*Task prompt:* Look below for the line containing "doc.layers.add(name, color=color, linetype=linetype)"; from there through the line containing "doc.styles.add('스타일1", both lines included, please set down each line exactly and nothing else.

*Data records:*
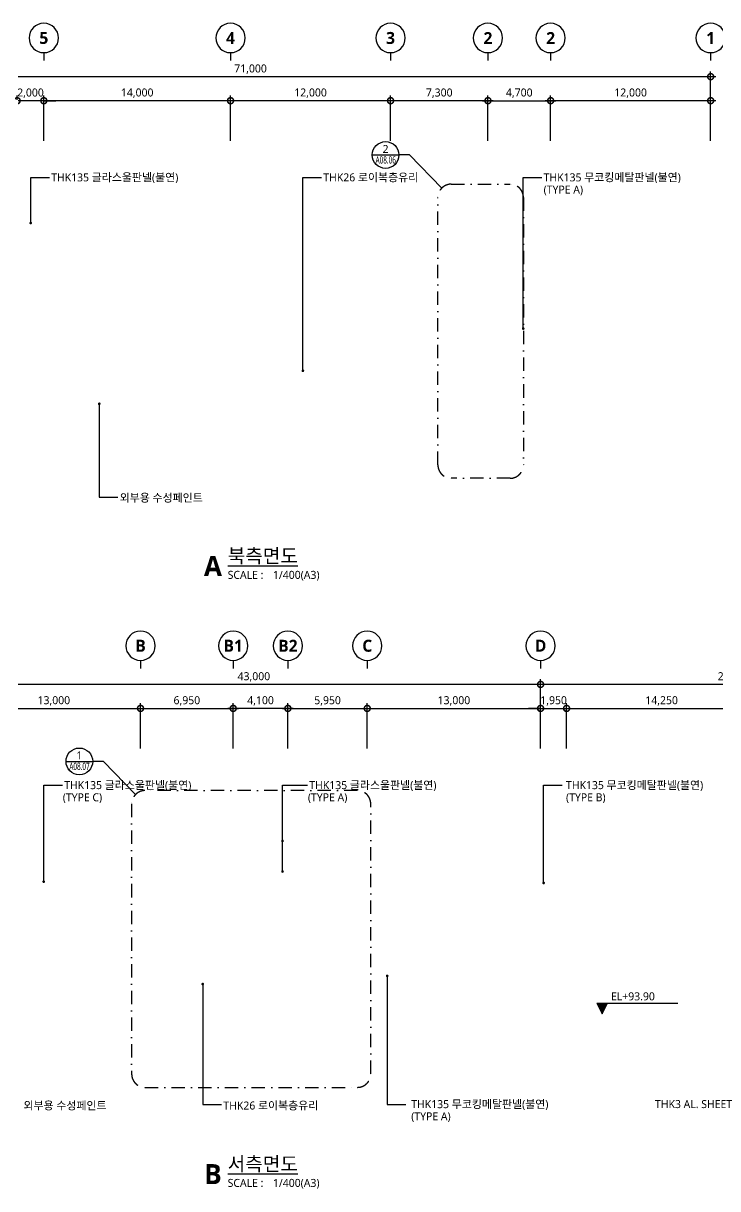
# Model space of a CAD drawing. Header units: millimetres. Extents: x 13413 to 329391, y 5875 to 100395.
# Drawn here: x 228911 to 280979, y 13047 to 100395 of the extents above; entities that cross this region are included whole.
import ezdxf
from ezdxf.enums import TextEntityAlignment as Align

# ---------------------------------------------------------------- set-up
doc = ezdxf.new("R2010")
doc.units = ezdxf.units.MM
doc.header["$LTSCALE"] = 200
doc.linetypes.add('DASHDOT-GAUN', pattern=[10, 5, -2.5, 0, -2.5])
doc.layers.get('DEFPOINTS').update_dxf_attribs({"color": 137})
for name, color, linetype in [('DIM', 7, 'Continuous'), ('SYM', 6, 'Continuous'), ('SYM-BUB', 3, 'Continuous'), ('SYM-LEAD', 6, 'Continuous'), ('SYM-LEVEL', 7, 'Continuous'), ('XR-ELEV$0$TEXT', 3, 'Continuous')]:
    doc.layers.add(name, color=color, linetype=linetype)
doc.styles.add('$0$스타일1', font='malgun.ttf')
doc.styles.add('XR-ELEV$0$스타일1', font='malgun.ttf')
doc.styles.add('맑은고딕B', font='malgunbd.ttf')
doc.styles.add('스타일1', font='malgun.ttf')
doc.dimstyles.new('CJA', dxfattribs={"dimscale": 300, "dimtxt": 2.7, "dimasz": 1, "dimexe": 2, "dimexo": 3, "dimgap": 1, "dimtad": 1, "dimdec": 0, "dimzin": 1, "dimdsep": 46, "dimlunit": 6, "dimtxsty": '$0$스타일1', "dimblk": 'CJDOT', "dimcen": 0.09, "dimdle": 1, "dimclrd": 256, "dimclre": 256, "dimclrt": 3, "dimadec": 0, "dimazin": 0, "dimtfac": 1, "dimtdec": 0, "dimtix": 1, "dimtmove": 2, "dimatfit": 3, "dimldrblk": 'CJDOT', "dimfxl": 1, "dimtolj": 1, "dimtzin": 1, "dimarcsym": 0})
doc.dimstyles.new('DIM-QD 1', dxfattribs={"dimtxt": 3, "dimasz": 1.5, "dimexe": 1, "dimexo": 0, "dimgap": 1, "dimtad": 1, "dimdec": 3, "dimdsep": 46, "dimlunit": 6, "dimtxsty": '$0$스타일1', "dimblk1": 'ARCHTICK', "dimblk2": 'ARCHTICK', "dimsah": 1, "dimcen": 0, "dimclrd": 256, "dimclre": 256, "dimclrt": 3, "dimazin": 2, "dimtfac": 1, "dimtdec": 3, "dimtix": 1, "dimtmove": 2, "dimatfit": 3, "dimldrblk": 'ARCHTICK', "dimfxl": 1, "dimtolj": 1, "dimtzin": 0, "dimarcsym": 0})

# ---------------------------------------------------------------- blocks, each defined once
blk = doc.blocks.new('_DotSmall')
at = {"color": 0, "linetype": 'ByBlock', "const_width": 0.5}
blk.add_lwpolyline([(-0.0625, 0, 1), (0.0625, 0, 1)], format="xyb", close=True, dxfattribs=at)
blk = doc.blocks.new('*D18')
at = {"layer": 'DEFPOINTS', "color": 0, "transparency": 16777216}
for p in [(224700, 50844), (224700, 45444), (267700, 45444)]:
    blk.add_point(p, dxfattribs=at)
at = {"layer": 'DIM', "color": 7, "lineweight": -2, "transparency": 16777216}
for p, q in [((268100, 50844), (224300, 50844)), ((224700, 46044), (224700, 51244)), ((267700, 46044), (267700, 51244))]:
    blk.add_line(p, q, dxfattribs=at)
at = {"layer": 'DIM', "color": 7, "lineweight": -2, "transparency": 16777216, "xscale": 900, "yscale": 900, "zscale": 900, "rotation": 180}
blk.add_blockref('_DotSmall', (224700, 50844), dxfattribs=at)
at = {"layer": 'DIM', "color": 7, "lineweight": -2, "transparency": 16777216, "xscale": 900, "yscale": 900, "zscale": 900}
blk.add_blockref('_DotSmall', (267700, 50844), dxfattribs=at)
at = {"layer": 'DIM', "color": 3, "transparency": 16777216, "insert": (246200, 51404), "char_height": 600, "attachment_point": 5, "style": '$0$스타일1'}
blk.add_mtext('\\A1;43,000', dxfattribs=at)
blk = doc.blocks.new('CJDOT')
blk.add_line((-2, 0), (2, 0))
at = {"const_width": 0.5}
blk.add_lwpolyline([(-0.25, 0, 1), (0.25, 0, 1)], format="xyb", close=True, dxfattribs=at)
blk = doc.blocks.new('*D19')
at = {"layer": 'DEFPOINTS', "color": 0, "transparency": 16777216}
for p in [(237700, 49044), (224700, 45444), (237700, 45444)]:
    blk.add_point(p, dxfattribs=at)
at = {"layer": 'DIM', "color": 7, "lineweight": -2, "transparency": 16777216}
for p, q in [((224300, 49044), (238100, 49044)), ((224700, 46044), (224700, 49444)), ((237700, 46044), (237700, 49444))]:
    blk.add_line(p, q, dxfattribs=at)
at = {"layer": 'DIM', "color": 7, "lineweight": -2, "transparency": 16777216, "xscale": 900, "yscale": 900, "zscale": 900, "rotation": 180}
blk.add_blockref('_DotSmall', (224700, 49044), dxfattribs=at)
at = {"layer": 'DIM', "color": 7, "lineweight": -2, "transparency": 16777216, "xscale": 900, "yscale": 900, "zscale": 900}
blk.add_blockref('_DotSmall', (237700, 49044), dxfattribs=at)
at = {"layer": 'DIM', "color": 3, "transparency": 16777216, "insert": (231200, 49606), "char_height": 600, "attachment_point": 5, "style": '$0$스타일1'}
blk.add_mtext('\\A1;13,000', dxfattribs=at)
blk = doc.blocks.new('*D20')
at = {"layer": 'DEFPOINTS', "color": 0, "transparency": 16777216}
for p in [(244650, 49044), (237700, 45444), (244650, 45444)]:
    blk.add_point(p, dxfattribs=at)
at = {"layer": 'DIM', "color": 7, "lineweight": -2, "transparency": 16777216}
for p, q in [((237300, 49044), (245050, 49044)), ((237700, 46044), (237700, 49444)), ((244650, 46044), (244650, 49444))]:
    blk.add_line(p, q, dxfattribs=at)
at = {"layer": 'DIM', "color": 7, "lineweight": -2, "transparency": 16777216, "xscale": 900, "yscale": 900, "zscale": 900, "rotation": 180}
blk.add_blockref('_DotSmall', (237700, 49044), dxfattribs=at)
at = {"layer": 'DIM', "color": 7, "lineweight": -2, "transparency": 16777216, "xscale": 900, "yscale": 900, "zscale": 900}
blk.add_blockref('_DotSmall', (244650, 49044), dxfattribs=at)
at = {"layer": 'DIM', "color": 3, "transparency": 16777216, "insert": (241175, 49604), "char_height": 600, "attachment_point": 5, "style": '$0$스타일1'}
blk.add_mtext('\\A1;6,950', dxfattribs=at)
blk = doc.blocks.new('*D21')
at = {"layer": 'DEFPOINTS', "color": 0, "transparency": 16777216}
for p in [(267700, 49044), (254700, 45444), (267700, 45444)]:
    blk.add_point(p, dxfattribs=at)
at = {"layer": 'DIM', "color": 7, "lineweight": -2, "transparency": 16777216}
for p, q in [((254300, 49044), (268100, 49044)), ((254700, 46044), (254700, 49444)), ((267700, 46044), (267700, 49444))]:
    blk.add_line(p, q, dxfattribs=at)
at = {"layer": 'DIM', "color": 7, "lineweight": -2, "transparency": 16777216, "xscale": 900, "yscale": 900, "zscale": 900, "rotation": 180}
blk.add_blockref('_DotSmall', (254700, 49044), dxfattribs=at)
at = {"layer": 'DIM', "color": 7, "lineweight": -2, "transparency": 16777216, "xscale": 900, "yscale": 900, "zscale": 900}
blk.add_blockref('_DotSmall', (267700, 49044), dxfattribs=at)
at = {"layer": 'DIM', "color": 3, "transparency": 16777216, "insert": (261200, 49606), "char_height": 600, "attachment_point": 5, "style": '$0$스타일1'}
blk.add_mtext('\\A1;13,000', dxfattribs=at)
blk = doc.blocks.new('NEW_BUB')
at = {"layer": 'SYM-BUB', "color": 6}
blk.add_line((0, 3), (0, 0), dxfattribs=at)
blk.add_circle((0, 8.5), 5.5, dxfattribs=at)
at = {"layer": 'SYM-BUB', "color": 3, "style": '맑은고딕B'}
blk.add_attdef('X', text='', height=4.5, dxfattribs=at).set_placement((0, 8.5), align=Align.MIDDLE)
blk = doc.blocks.new('*D31')
at = {"layer": 'DEFPOINTS', "color": 0, "transparency": 16777216}
for p in [(209450, 96395), (209450, 90995), (280450, 90995)]:
    blk.add_point(p, dxfattribs=at)
at = {"layer": 'DIM', "color": 7, "lineweight": -2, "transparency": 16777216}
for p, q in [((280850, 96395), (209050, 96395)), ((209450, 91595), (209450, 96795)), ((280450, 91595), (280450, 96795))]:
    blk.add_line(p, q, dxfattribs=at)
at = {"layer": 'DIM', "color": 7, "lineweight": -2, "transparency": 16777216, "xscale": 900, "yscale": 900, "zscale": 900, "rotation": 180}
blk.add_blockref('_DotSmall', (209450, 96395), dxfattribs=at)
at = {"layer": 'DIM', "color": 7, "lineweight": -2, "transparency": 16777216, "xscale": 900, "yscale": 900, "zscale": 900}
blk.add_blockref('_DotSmall', (280450, 96395), dxfattribs=at)
at = {"layer": 'DIM', "color": 3, "transparency": 16777216, "insert": (245950, 96957), "char_height": 600, "attachment_point": 5, "style": '스타일1'}
blk.add_mtext('\\A1;71,000', dxfattribs=at)
blk = doc.blocks.new('*D32')
at = {"layer": 'DEFPOINTS', "color": 0, "transparency": 16777216}
for p in [(268450, 94595), (268450, 90995), (280450, 90995)]:
    blk.add_point(p, dxfattribs=at)
at = {"layer": 'DIM', "color": 7, "lineweight": -2, "transparency": 16777216}
for p, q in [((280850, 94595), (268050, 94595)), ((268450, 91595), (268450, 94995)), ((280450, 91595), (280450, 94995))]:
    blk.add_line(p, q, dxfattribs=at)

*Task answer:*
    doc.layers.add(name, color=color, linetype=linetype)
doc.styles.add('$0$스타일1', font='malgun.ttf')
doc.styles.add('XR-ELEV$0$스타일1', font='malgun.ttf')
doc.styles.add('맑은고딕B', font='malgunbd.ttf')
doc.styles.add('스타일1', font='malgun.ttf')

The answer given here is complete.